The Legacy of Dr. Sam Overstreet
For 35 years, Dr. Sam Overstreet has served as a professor in the Division of Languages and Literature at Maryville College, making him the longest tenured Maryville College faculty member employed to date. He will be retiring from his positions as professor and Chair of the Division of Languages and Literature at the end of the 2024-25 academic year following his recent sabbatical.
Atop three flights of stairs and a long hallway in Anderson Hall, you will find his office. That office contains 35 years’ worth of who Dr. Overstreet was, is, and will continue to become. Overstreet began his journey at Yale University and later moved on to Cornell, where he got his Ph.D. in Medieval Studies. Soon after, he began to rethink spending the rest of his life in research. However, after some time in Ithaca, New York, and a later teaching position in China, he began to piece things together, solidified by a single idea.

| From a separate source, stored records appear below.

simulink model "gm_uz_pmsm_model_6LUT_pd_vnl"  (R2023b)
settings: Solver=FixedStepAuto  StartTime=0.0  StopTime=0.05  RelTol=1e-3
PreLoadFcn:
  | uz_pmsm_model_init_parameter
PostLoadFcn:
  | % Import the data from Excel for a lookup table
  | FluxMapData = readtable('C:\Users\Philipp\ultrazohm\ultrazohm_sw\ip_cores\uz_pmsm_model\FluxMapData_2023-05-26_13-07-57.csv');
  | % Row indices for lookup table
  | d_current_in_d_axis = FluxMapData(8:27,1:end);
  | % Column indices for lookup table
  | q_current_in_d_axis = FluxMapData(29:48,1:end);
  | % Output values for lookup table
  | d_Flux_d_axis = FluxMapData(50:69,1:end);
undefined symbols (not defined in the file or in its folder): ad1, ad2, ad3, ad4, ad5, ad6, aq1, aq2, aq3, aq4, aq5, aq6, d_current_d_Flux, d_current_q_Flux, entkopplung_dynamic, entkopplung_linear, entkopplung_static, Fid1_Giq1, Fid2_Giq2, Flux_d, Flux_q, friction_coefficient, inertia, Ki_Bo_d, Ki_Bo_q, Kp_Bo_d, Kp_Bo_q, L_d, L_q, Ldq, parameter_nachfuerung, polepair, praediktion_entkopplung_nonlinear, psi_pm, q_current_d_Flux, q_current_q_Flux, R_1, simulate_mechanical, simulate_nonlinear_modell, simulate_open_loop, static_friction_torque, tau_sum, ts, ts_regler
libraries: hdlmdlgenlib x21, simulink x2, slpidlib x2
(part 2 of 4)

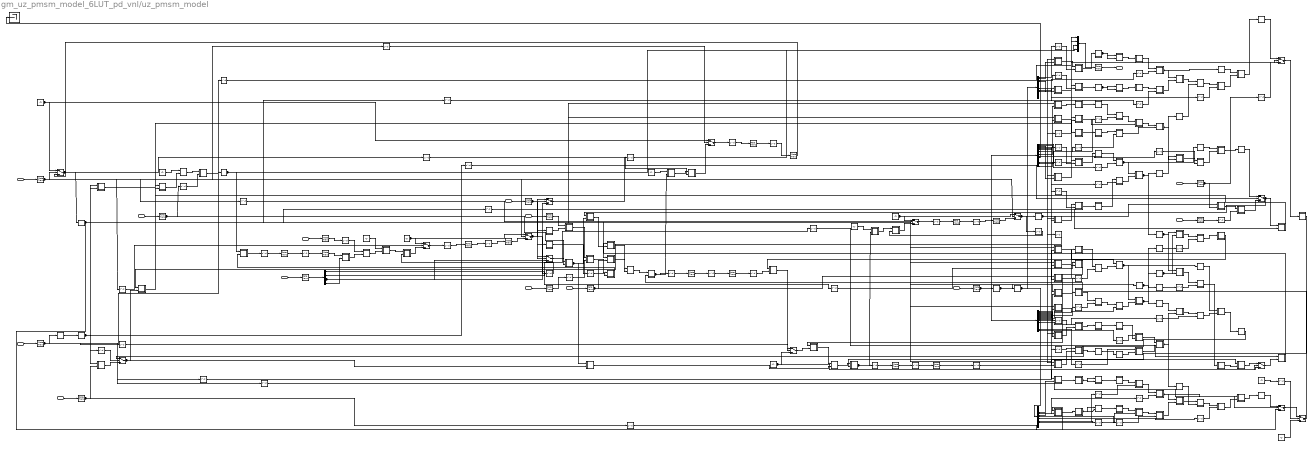
== system gm_uz_pmsm_model_6LUT_pd_vnl/uz_pmsm_model ==
  reset_integrators : Inport  OutDataTypeStr=boolean  PortDimensions=1  SampleTime=2e-06
  simulate_mechanical : Inport  Port=2  OutDataTypeStr=boolean  PortDimensions=1  SampleTime=2e-06
  simulate_nonlinear : Inport  Port=3  OutDataTypeStr=boolean  PortDimensions=1  SampleTime=2e-06
  reciprocal_J : Inport  Port=4  OutDataTypeStr=single  PortDimensions=1  SampleTime=2e-06
  mu : Inport  Port=5  OutDataTypeStr=single  PortDimensions=1  SampleTime=2e-06
  M_n0 : Inport  Port=6  OutDataTypeStr=single  PortDimensions=1  SampleTime=2e-06
  R1 : Inport  Port=7  OutDataTypeStr=single  PortDimensions=1  SampleTime=2e-06
  polepairs : Inport  Port=8  OutDataTypeStr=single  PortDimensions=1  SampleTime=2e-06
  Ld : Inport  Port=9  OutDataTypeStr=single  PortDimensions=1  SampleTime=2e-06
  Lq : Inport  Port=10  OutDataTypeStr=single  PortDimensions=1  SampleTime=2e-06
  psi_pm : Inport  Port=11  OutDataTypeStr=single  PortDimensions=1  SampleTime=2e-06
  fitting_parameters : Inport  Port=12  OutDataTypeStr=single  PortDimensions=[23]  SampleTime=2e-06
  inputs : Inport  Port=13  OutDataTypeStr=single  PortDimensions=[4]  SampleTime=2e-06
  Abs : Subsystem
      mask Display: disp('NFP\nabs');
  Constant : Constant  Value=single(0)  OutDataTypeStr=single  SampleTime=1e-08
  Delay : RateTransition  OutPortSampleTimeOpt=Multiple of input port sample time  OutPortSampleTimeMultiple=200
  Delay1_lowered : RateTransition  OutPortSampleTimeOpt=Multiple of input port sample time  OutPortSampleTimeMultiple=200
  Delay1_lowered1 : RateTransition  OutPortSampleTimeOpt=Multiple of input port sample time  OutPortSampleTimeMultiple=200
  Delay1_lowered2 : RateTransition  OutPortSampleTimeOpt=Multiple of input port sample time  OutPortSampleTimeMultiple=200
  Delay1_lowered_absorbed : Delay  DelayLength=0
  Delay1_lowered_absorbed1 : Delay  DelayLength=0
  Delay1_lowered_absorbed2 : Delay  DelayLength=0
  Delay_absorbed : Delay  DelayLength=0
  Divide : Subsystem
      mask Display: disp('NFP\nmul');
  Divide1 : Subsystem
      mask Display: disp('NFP\nmul');
  Divide_recip : Subsystem
      mask Display: disp('NFP\nmath');
  Factor : Subsystem
      mask Display: disp('NFP\nmul');
  Factor_const : Constant  Value=single(1.5)  OutDataTypeStr=single  SampleTime=1e-08
  From1 : hdlmdlgenlib/Buffer
  From2 : hdlmdlgenlib/Buffer
  From3 : hdlmdlgenlib/Buffer
  Gain : Subsystem
      mask Display: disp('NFP\nmul');
  Gain7 : Subsystem
      mask Display: disp('NFP\nmul');
  Gain71 : Subsystem
      mask Display: disp('NFP\nmul');
  Gain7_const : Constant  Value=single(2e-06)  OutDataTypeStr=single  SampleTime=1e-08
  Gain7_const1 : Constant  Value=single(2e-06)  OutDataTypeStr=single  SampleTime=1e-08
  Gain_const : Constant  Value=single(2e-06)  OutDataTypeStr=single  SampleTime=1e-08
  Gain_unaryminus : Subsystem
      mask Display: disp('NFP\numinus');
  Gain_unaryminus1 : Subsystem
      mask Display: disp('NFP\numinus');
  Goto1 : hdlmdlgenlib/Buffer
  Goto2 : hdlmdlgenlib/Buffer
  Initial_Val : Constant  Value=single(0)  OutDataTypeStr=single  SampleTime=1e-08
  Initial_Val1 : Constant  Value=single(0)  OutDataTypeStr=single  SampleTime=1e-08
  Initial_Val2 : Constant  Value=single(0)  OutDataTypeStr=single  SampleTime=1e-08
  Ldd : hdlmdlgenlib/Buffer
  Log : Subsystem
      mask Display: disp('NFP\nmath');
  Log1 : Subsystem
      mask Display: disp('NFP\nmath');
  Log11 : Subsystem
      mask Display: disp('NFP\nmath');
  Log2 : Subsystem
      mask Display: disp('NFP\nmath');
  Lqq : hdlmdlgenlib/Buffer
  Product : Subsystem
      mask Display: disp('NFP\nmul');
  Product1 : Subsystem
      mask Display: disp('NFP\nmul');
  Product10 : Subsystem
      mask Display: disp('NFP\nmul');
  Product101 : Subsystem
      mask Display: disp('NFP\nmul');
  Product102 : Subsystem
      mask Display: disp('NFP\nmul');
  Product103 : Subsystem
      mask Display: disp('NFP\nmul');
  Product104 : Subsystem
      mask Display: disp('NFP\nmul');
  Product11 : Subsystem
      mask Display: disp('NFP\nmul');
  Product110 : Subsystem
      mask Display: disp('NFP\nmul');
  Product111 : Subsystem
      mask Display: disp('NFP\nmul');
  Product12 : Subsystem
      mask Display: disp('NFP\nmul');
  Product121 : Subsystem
      mask Display: disp('NFP\nmul');
  Product122 : Subsystem
      mask Display: disp('NFP\nmul');
  Product13 : Subsystem
      mask Display: disp('NFP\nmul');
  Product131 : Subsystem
      mask Display: disp('NFP\nmul');
  Product14 : Subsystem
      mask Display: disp('NFP\nmul');
  Product141 : Subsystem
      mask Display: disp('NFP\nmul');
  Product142 : Subsystem
      mask Display: disp('NFP\nmul');
  Product15 : Subsystem
      mask Display: disp('NFP\nmul');
  Product151 : Subsystem
      mask Display: disp('NFP\nmul');
  Product16 : Subsystem
      mask Display: disp('NFP\nmul');
  Product17 : Subsystem
      mask Display: disp('NFP\nmul');
  Product18 : Subsystem
      mask Display: disp('NFP\nmul');
  Product19 : Subsystem
      mask Display: disp('NFP\nmul');
  Product2 : Subsystem
      mask Display: disp('NFP\nmul');
  Product20 : Subsystem
      mask Display: disp('NFP\nmul');
  Product201 : Subsystem
      mask Display: disp('NFP\nmul');
  Product202 : Subsystem
      mask Display: disp('NFP\nmul');
  Product203 : Subsystem
      mask Display: disp('NFP\nmul');
  Product204 : Subsystem
      mask Display: disp('NFP\nmul');
  Product205 : Subsystem
      mask Display: disp('NFP\nmul');
  Product206 : Subsystem
      mask Display: disp('NFP\nmul');
  Product207 : Subsystem
      mask Display: disp('NFP\nmul');
  Product21 : Subsystem
      mask Display: disp('NFP\nmul');
  Product22 : Subsystem
      mask Display: disp('NFP\nmul');
  Product23 : Subsystem
      mask Display: disp('NFP\nmul');
  Product24 : Subsystem
      mask Display: disp('NFP\nmul');
  Product25 : Subsystem
      mask Display: disp('NFP\nmul');
  Product3 : Subsystem
      mask Display: disp('NFP\nmul');
  Product31 : Subsystem
      mask Display: disp('NFP\nmul');
  Product32 : Subsystem
      mask Display: disp('NFP\nmul');
  Product33 : Subsystem
      mask Display: disp('NFP\nmul');
  Product34 : Subsystem
      mask Display: disp('NFP\nmul');
  Product35 : Subsystem
      mask Display: disp('NFP\nmul');
  Product4 : Subsystem
      mask Display: disp('NFP\nmul');
  Product41 : Subsystem
      mask Display: disp('NFP\nmul');
  Product42 : Subsystem
      mask Display: disp('NFP\nmul');
  Product43 : Subsystem
      mask Display: disp('NFP\nmul');
  Product5 : Subsystem
      mask Display: disp('NFP\nmul');
  Product51 : Subsystem
      mask Display: disp('NFP\nmul');
  Product52 : Subsystem
      mask Display: disp('NFP\nmul');
  Product6 : Subsystem
      mask Display: disp('NFP\nmul');
  Product61 : Subsystem
      mask Display: disp('NFP\nmul');
  Product7 : Subsystem
      mask Display: disp('NFP\nmul');
  Product71 : Subsystem
      mask Display: disp('NFP\nmul');
  Product8 : Subsystem
      mask Display: disp('NFP\nmul');
  Product9 : Subsystem
      mask Display: disp('NFP\nmul');
  Product91 : Subsystem
      mask Display: disp('NFP\nmul');
  Product92 : Subsystem
      mask Display: disp('NFP\nmul');
  Reciprocal1_recip : Subsystem
      mask Display: disp('NFP\nmath');
  Reciprocal1_recip1 : Subsystem
      mask Display: disp('NFP\nmath');
  Reciprocal_recip : Subsystem
      mask Display: disp('NFP\nmath');
  Reciprocal_recip1 : Subsystem
      mask Display: disp('NFP\nmath');
  Selector : Selector  IndexOptions=Index vector (dialog)  Indices=double(13)  OutputSizes=double(1)
  Selector1 : Selector  IndexOptions=Index vector (dialog)  Indices=double(14)  OutputSizes=double(1)
  Sign1 : Subsystem
      mask Display: disp('NFP\nsignum');
  Sum : Subsystem
      mask Display: disp('NFP\nadd');
  Sum1 : Subsystem
      mask Display: disp('NFP\nadd');
  Sum10 : Subsystem
      mask Display: disp('NFP\nadd');
  Sum101 : Subsystem
      mask Display: disp('NFP\nadd');
  Sum11 : Subsystem
      mask Display: disp('NFP\nadd');
  Sum12 : Subsystem
      mask Display: disp('NFP\nadd');
  Sum13 : Subsystem
      mask Display: disp('NFP\nadd');
  Sum14 : Subsystem
      mask Display: disp('NFP\nadd');
  Sum2 : Subsystem
      mask Display: disp('NFP\nadd');
  Sum21 : Subsystem
      mask Display: disp('NFP\nadd');
  Sum22 : Subsystem
      mask Display: disp('NFP\nadd');
  Sum23 : Subsystem
      mask Display: disp('NFP\nadd');
  Sum3 : Subsystem
      mask Display: disp('NFP\nadd');
  Sum31 : Subsystem
      mask Display: disp('NFP\nadd');
  Sum32 : Subsystem
      mask Display: disp('NFP\nadd');
  Sum33 : Subsystem
      mask Display: disp('NFP\nadd');
  Sum3_stage2 : Subsystem
      mask Display: disp('NFP\nadd');
  Sum3_stage21 : Subsystem
      mask Display: disp('NFP\nadd');
  Sum3_stage3 : Subsystem
      mask Display: disp('NFP\nadd');
  Sum3_stage31 : Subsystem
      mask Display: disp('NFP\nadd');
  Sum3_stage4 : Subsystem
      mask Display: disp('NFP\nadd');
  Sum4 : Subsystem
      mask Display: disp('NFP\nadd');
  Sum41 : Subsystem
      mask Display: disp('NFP\nadd');
  Sum42 : Subsystem
      mask Display: disp('NFP\nadd');
  Sum4_stage2 : Subsystem
      mask Display: disp('NFP\nadd');
  Sum4_stage3 : Subsystem
      mask Display: disp('NFP\nadd');
  Sum4_stage4 : Subsystem
      mask Display: disp('NFP\nadd');
  Sum5 : Subsystem
      mask Display: disp('NFP\nadd');
  Sum51 : Subsystem
      mask Display: disp('NFP\nadd');
  Sum52 : Subsystem
      mask Display: disp('NFP\nadd');
  Sum53 : Subsystem
      mask Display: disp('NFP\nadd');
  Sum6 : Subsystem
      mask Display: disp('NFP\nadd');
  Sum7 : Subsystem
      mask Display: disp('NFP\nadd');
  Sum71 : Subsystem
      mask Display: disp('NFP\nadd');
  Sum8 : Subsystem
      mask Display: disp('NFP\nadd');
  Switch{,1..6,11} (8 alike) : Switch  Criteria=u2 ~= 0  Threshold=double(0)  OutDataTypeStr=single  SampleTime=1e-08  SaturateOnIntegerOverflow=off  InputSameDT=off
  Tanh : Subsystem
      mask Display: disp('NFP\ntrig');
  Tanh1 : Subsystem
      mask Display: disp('NFP\ntrig');
  Tanh11 : Subsystem
      mask Display: disp('NFP\ntrig');
  Tanh12 : Subsystem
      mask Display: disp('NFP\ntrig');
  Tanh13 : Subsystem
      mask Display: disp('NFP\ntrig');
  Tanh2 : Subsystem
      mask Display: disp('NFP\ntrig');
  Tanh21 : Subsystem
      mask Display: disp('NFP\ntrig');
  Tanh3 : Subsystem
      mask Display: disp('NFP\ntrig');
  Tanh31 : Subsystem
      mask Display: disp('NFP\ntrig');
  Tanh4 : Subsystem
      mask Display: disp('NFP\ntrig');
  Tanh41 : Subsystem
      mask Display: disp('NFP\ntrig');
  Tanh5 : Subsystem
      mask Display: disp('NFP\ntrig');
  Unit Delay : RateTransition  OutPortSampleTimeOpt=Multiple of input port sample time  OutPortSampleTimeMultiple=200
  Unit Delay1 : RateTransition  OutPortSampleTimeOpt=Multiple of input port sample time  OutPortSampleTimeMultiple=200
  Unit Delay1_absorbed : Delay  DelayLength=0
  Unit Delay_absorbed : Delay  DelayLength=0
  crp_out_delay{,1..5} (6 alike) : Delay  DelayLength=double(1)  InitialCondition=0  SampleTime=1e-08
  default_value : Constant  Value=double(1)  OutDataTypeStr=single  SampleTime=1e-08
  delayMatch{,1..49,51..55} (55 alike) : Delay  DelayLength=double(1)  InitialCondition=0  SampleTime=1e-08
  delayMatch50 : Delay  DelayLength=double(97)  InitialCondition=0  SampleTime=1e-08
  fitting_parameters_13_term13 : Terminator
  i_q : hdlmdlgenlib/Buffer
  in0_repeat : RateTransition  Integrity=off  Deterministic=off  OutPortSampleTimeOpt=Multiple of input port sample time  OutPortSampleTimeMultiple=1/200
  in10_repeat : RateTransition  Integrity=off  Deterministic=off  OutPortSampleTimeOpt=Multiple of input port sample time  OutPortSampleTimeMultiple=1/200
  in11_repeat : RateTransition  Integrity=off  Deterministic=off  OutPortSampleTimeOpt=Multiple of input port sample time  OutPortSampleTimeMultiple=1/200
  in12_repeat : RateTransition  Integrity=off  Deterministic=off  OutPortSampleTimeOpt=Multiple of input port sample time  OutPortSampleTimeMultiple=1/200
  in13_repeat : RateTransition  Integrity=off  Deterministic=off  OutPortSampleTimeOpt=Multiple of input port sample time  OutPortSampleTimeMultiple=1/200
  in14_repeat : RateTransition  Integrity=off  Deterministic=off  OutPortSampleTimeOpt=Multiple of input port sample time  OutPortSampleTimeMultiple=1/200
  in15_repeat : RateTransition  Integrity=off  Deterministic=off  OutPortSampleTimeOpt=Multiple of input port sample time  OutPortSampleTimeMultiple=1/200
  in16_repeat : RateTransition  Integrity=off  Deterministic=off  OutPortSampleTimeOpt=Multiple of input port sample time  OutPortSampleTimeMultiple=1/200
  in17_repeat : RateTransition  Integrity=off  Deterministic=off  OutPortSampleTimeOpt=Multiple of input port sample time  OutPortSampleTimeMultiple=1/200
  in18_repeat : RateTransition  Integrity=off  Deterministic=off  OutPortSampleTimeOpt=Multiple of input port sample time  OutPortSampleTimeMultiple=1/200
  in1_repeat : RateTransition  Integrity=off  Deterministic=off  OutPortSampleTimeOpt=Multiple of input port sample time  OutPortSampleTimeMultiple=1/200
  in2_repeat : RateTransition  Integrity=off  Deterministic=off  OutPortSampleTimeOpt=Multiple of input port sample time  OutPortSampleTimeMultiple=1/200
  in3_repeat : RateTransition  Integrity=off  Deterministic=off  OutPortSampleTimeOpt=Multiple of input port sample time  OutPortSampleTimeMultiple=1/200
  in4_repeat : RateTransition  Integrity=off  Deterministic=off  OutPortSampleTimeOpt=Multiple of input port sample time  OutPortSampleTimeMultiple=1/200
  in5_repeat : RateTransition  Integrity=off  Deterministic=off  OutPortSampleTimeOpt=Multiple of input port sample time  OutPortSampleTimeMultiple=1/200
  in6_repeat : RateTransition  Integrity=off  Deterministic=off  OutPortSampleTimeOpt=Multiple of input port sample time  OutPortSampleTimeMultiple=1/200
  in7_repeat : RateTransition  Integrity=off  Deterministic=off  OutPortSampleTimeOpt=Multiple of input port sample time  OutPortSampleTimeMultiple=1/200
  in8_repeat : RateTransition  Integrity=off  Deterministic=off  OutPortSampleTimeOpt=Multiple of input port sample time  OutPortSampleTimeMultiple=1/200
  in9_repeat : RateTransition  Integrity=off  Deterministic=off  OutPortSampleTimeOpt=Multiple of input port sample time  OutPortSampleTimeMultiple=1/200
  mux : Mux
  psi_d_approx : hdlmdlgenlib/Buffer
  psi_q_approx : hdlmdlgenlib/Buffer
  reset_in : Switch  Criteria=u2 ~= 0  Threshold=double(0)  OutDataTypeStr=single  SampleTime=1e-08  SaturateOnIntegerOverflow=off  InputSameDT=off
  reset_in1 : Switch  Criteria=u2 ~= 0  Threshold=double(0)  OutDataTypeStr=single  SampleTime=1e-08  SaturateOnIntegerOverflow=off  InputSameDT=off
  reset_in2 : Switch  Criteria=u2 ~= 0  Threshold=double(0)  OutDataTypeStr=single  SampleTime=1e-08  SaturateOnIntegerOverflow=off  InputSameDT=off
  reset_out : Switch  Criteria=u2 ~= 0  Threshold=double(0)  OutDataTypeStr=single  SampleTime=1e-08  SaturateOnIntegerOverflow=off  InputSameDT=off
  reset_out1 : Switch  Criteria=u2 ~= 0  Threshold=double(0)  OutDataTypeStr=single  SampleTime=1e-08  SaturateOnIntegerOverflow=off  InputSameDT=off
  reset_out2 : Switch  Criteria=u2 ~= 0  Threshold=double(0)  OutDataTypeStr=single  SampleTime=1e-08  SaturateOnIntegerOverflow=off  InputSameDT=off
  select_signal : Constant  Value=double(1)  OutDataTypeStr=boolean  SampleTime=1e-08
  t : RateTransition  OutPortSampleTimeOpt=Multiple of input port sample time  OutPortSampleTimeMultiple=200
  t{1..4} (4 alike) : Demux  Outputs=23
  t{6..16} (11 alike) : hdlmdlgenlib/Buffer
  t5 : Demux
  zero_protection : Switch  Criteria=u2 ~= 0  Threshold=double(0)  OutDataTypeStr=single  SampleTime=1e-08  SaturateOnIntegerOverflow=off  InputSameDT=off
  outputs : Outport  SampleTime=2e-06
  wires:
  default_value/1 -> zero_protection/3
  zero_protection/1 -> Divide1/2(In2)
  reset_out1/1 -> Switch/1, Switch11/1, Sign1/1(In1), Abs/1(In1), delayMatch54/1
  delayMatch55/1 -> reset_in1/2
  reset_out/1 -> delayMatch51/1, t9/1
  select_signal/1 -> delayMatch50/1
  Switch1/1 -> zero_protection/1
  delayMatch48/1 -> Switch1/2
  Selector1/1 -> delayMatch39/1
  Switch11/1 -> delayMatch36/1
  delayMatch34/1 -> mux/1
  delayMatch35/1 -> mux/2
  From3/1 -> delayMatch14/1, delayMatch30/1
  delayMatch52/1 -> reset_in/2
  reset_out2/1 -> delayMatch26/1, t11/1
  delayMatch41/1 -> Switch4/2
  delayMatch24/1 -> Switch2/2
  delayMatch30/1 -> Switch5/2
  Selector/1 -> delayMatch7/1
  delayMatch50/1 -> zero_protection/2
  Gain/1(Out1) -> Sum32/1(In1)
  Sum3_stage4/1(Out1) -> Divide/1(In1)
  Sum3_stage31/1(Out1) -> Sum3_stage4/1(In1)
  Sum3_stage21/1(Out1) -> Sum3_stage31/1(In1)
  Divide_recip/1(Out1) -> Divide/2(In2)
  Sum53/1(Out1) -> reset_in2/3
  Product43/1(Out1) -> Sum3_stage21/2(In2)
  Product35/1(Out1) -> Sum33/1(In1)
  Sum33/1(Out1) -> Factor/2(In2)
  Sum8/1(Out1) -> crp_out_delay2/1
  Product42/1(Out1) -> Sum8/2(In2)
  Sum52/1(Out1) -> Product42/1(In1)
  Product122/1(Out1) -> Sum52/1(In1)
  Abs/1(Out1) -> Product122/2(In2)
  Sum32/1(Out1) -> reset_in1/3
  Product111/1(Out1) -> Gain/2(In2)
  Sum14/1(Out1) -> Product111/2(In2)
  Sign1/1(Out1) -> delayMatch38/1
  Product131/1(Out1) -> Product34/1(In1), Product22/2(In2)
  Sum42/1(Out1) -> Sum23/1(In1), t16/1
  Sum23/1(Out1) -> t10/1, t15/1
  Product206/1(Out1) -> Product207/1(In1)
  Product121/1(Out1) -> Switch3/1
  Sum4_stage4/1(Out1) -> Divide1/1(In1)
  Sum4_stage3/1(Out1) -> Sum4_stage4/1(In1)
  Sum4_stage2/1(Out1) -> Sum4_stage3/1(In1)
  Sum51/1(Out1) -> reset_in/3
  Product25/1(Out1) -> Tanh13/1(In1)
  Tanh13/1(Out1) -> Product151/1(In1), Product151/2(In2)
  Product151/1(Out1) -> Reciprocal1_recip1/1(In1)
  Reciprocal1_recip1/1(Out1) -> Product33/1(In1)
  Sum41/1(Out1) -> Sum22/2(In2)
  Sum22/1(Out1) -> Product204/1(In1)
  Product204/1(Out1) -> Product205/1(In1)
  Product202/1(Out1) -> Product203/1(In1)
  Tanh12/1(Out1) -> Product32/1(In1)
  Product24/1(Out1) -> Tanh12/1(In1)
  Sum13/1(Out1) -> Sum23/2(In2)
  Product61/1(Out1) -> Sum13/2(In2)
  Product52/1(Out1) -> Sum42/1(In1)
  Product110/1(Out1) -> Sum42/2(In2)
  Tanh5/1(Out1) -> Product110/1(In1)
  Product19/1(Out1) -> Tanh5/1(In1)
  Tanh21/1(Out1) -> Log11/1(In1)
  Log11/1(Out1) -> Product91/2(In2)
  Product91/1(Out1) -> Sum5/2(In2)
  Tanh41/1(Out1) -> Log2/1(In1)
  Log2/1(Out1) -> Product41/2(In2)
  Product41/1(Out1) -> Sum5/1(In1)
  Sum12/1(Out1) -> Sum10/1(In1), Sum22/1(In1)
  Reciprocal_recip1/1(Out1) -> Product18/1(In1)
  Product142/1(Out1) -> Reciprocal_recip1/1(In1)
  Tanh31/1(Out1) -> Product142/1(In1), Product142/2(In2)
  Product17/1(Out1) -> Tanh31/1(In1)
  Product16/1(Out1) -> Tanh4/1(In1)
  Sum4/1(Out1) -> Product16/1(In1)
  Tanh4/1(Out1) -> Product141/1(In1), Product141/2(In2)
  Product141/1(Out1) -> Reciprocal_recip/1(In1)
  Reciprocal_recip/1(Out1) -> Product14/1(In1)
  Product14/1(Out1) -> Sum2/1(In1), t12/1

“At the end of my career, I am going to be much more satisfied looking back at the number of students whose lives I’ve touched than having a huge pile of publications that probably a very small number of people would ever read,”Overstreet said.
To truly know someone, sometimes you must speak to those around them. It isn’t surprising that the words of Overstreet’s colleagues echoed this sentiment. If anything, they demonstrate that he exceeded his initial mission to impact students’ lives and influenced those who work alongside him as well.
As one colleague said, “Dr. Overstreet always makes time for his students and colleagues. I have heard him patiently walk students through problems in their essays and grammar, and I have heard students bring engaging questions about Shakespeare and Chaucer to his office hours. He has a knack for inspiring students at all levels and helping them gain confidence.”
Dr. Overstreet attributes the influence that he has had on those around him to how Maryville College orients itself.
“When a student trusts you enough to spend some time in your office talking not just about coursework and academics but about other aspects of life that are important, and that is a rich privilege to be allowed into somebody’s life” Overstreet said. “And I love that it is regarded as a valuable part of my job here and not a distraction from research.”
Undoubtedly, his passion and approachability toward interactions with students have led to a distinguished 35-year career at Maryville College. Overstreet acknowledged he was lucky to have found such alignment of values in a career as he found at Maryville College.
“It is easy to be anxious and stressed about maximizing one’s potential, especially one’s earning potential, whether there are better opportunities elsewhere,” Overstreet said. “Just do work you love, so if one practices gratitude for the opportunities to do what you love, that is what turns into a long-term satisfying career, and that’s more important to loyalty to any institution over another.”
The values of Maryville College have aligned with Overstreet’s from the beginning, but as he said, “the institution is made up of the people, and when you come to love the people and the folkways of the institution, then it makes it easy to stay.”
This value is expressed in multiple ways throughout the college, but one of the most prominent is students’ participation in its management.
“The cost is a lot of time, but the payoff is a lot of voices, and out of all the academic institutions that I know about, this is one of the places with the highest level of collegiality, of good and friendly cooperation,” Overstreet said.
It’s difficult to express what Overstreet demonstrated over his 35-year-long career; he has shown what it means to have such a deep passion for teaching that leads to a happy and successful career filled with peace and sincerity.
Maryville College will miss Dr. Overstreet’s presence in that Anderson hallway office, but he will not but forgotten. His legacy as a professor, advisor, colleague and friend will continue to inspire the campus community and beyond.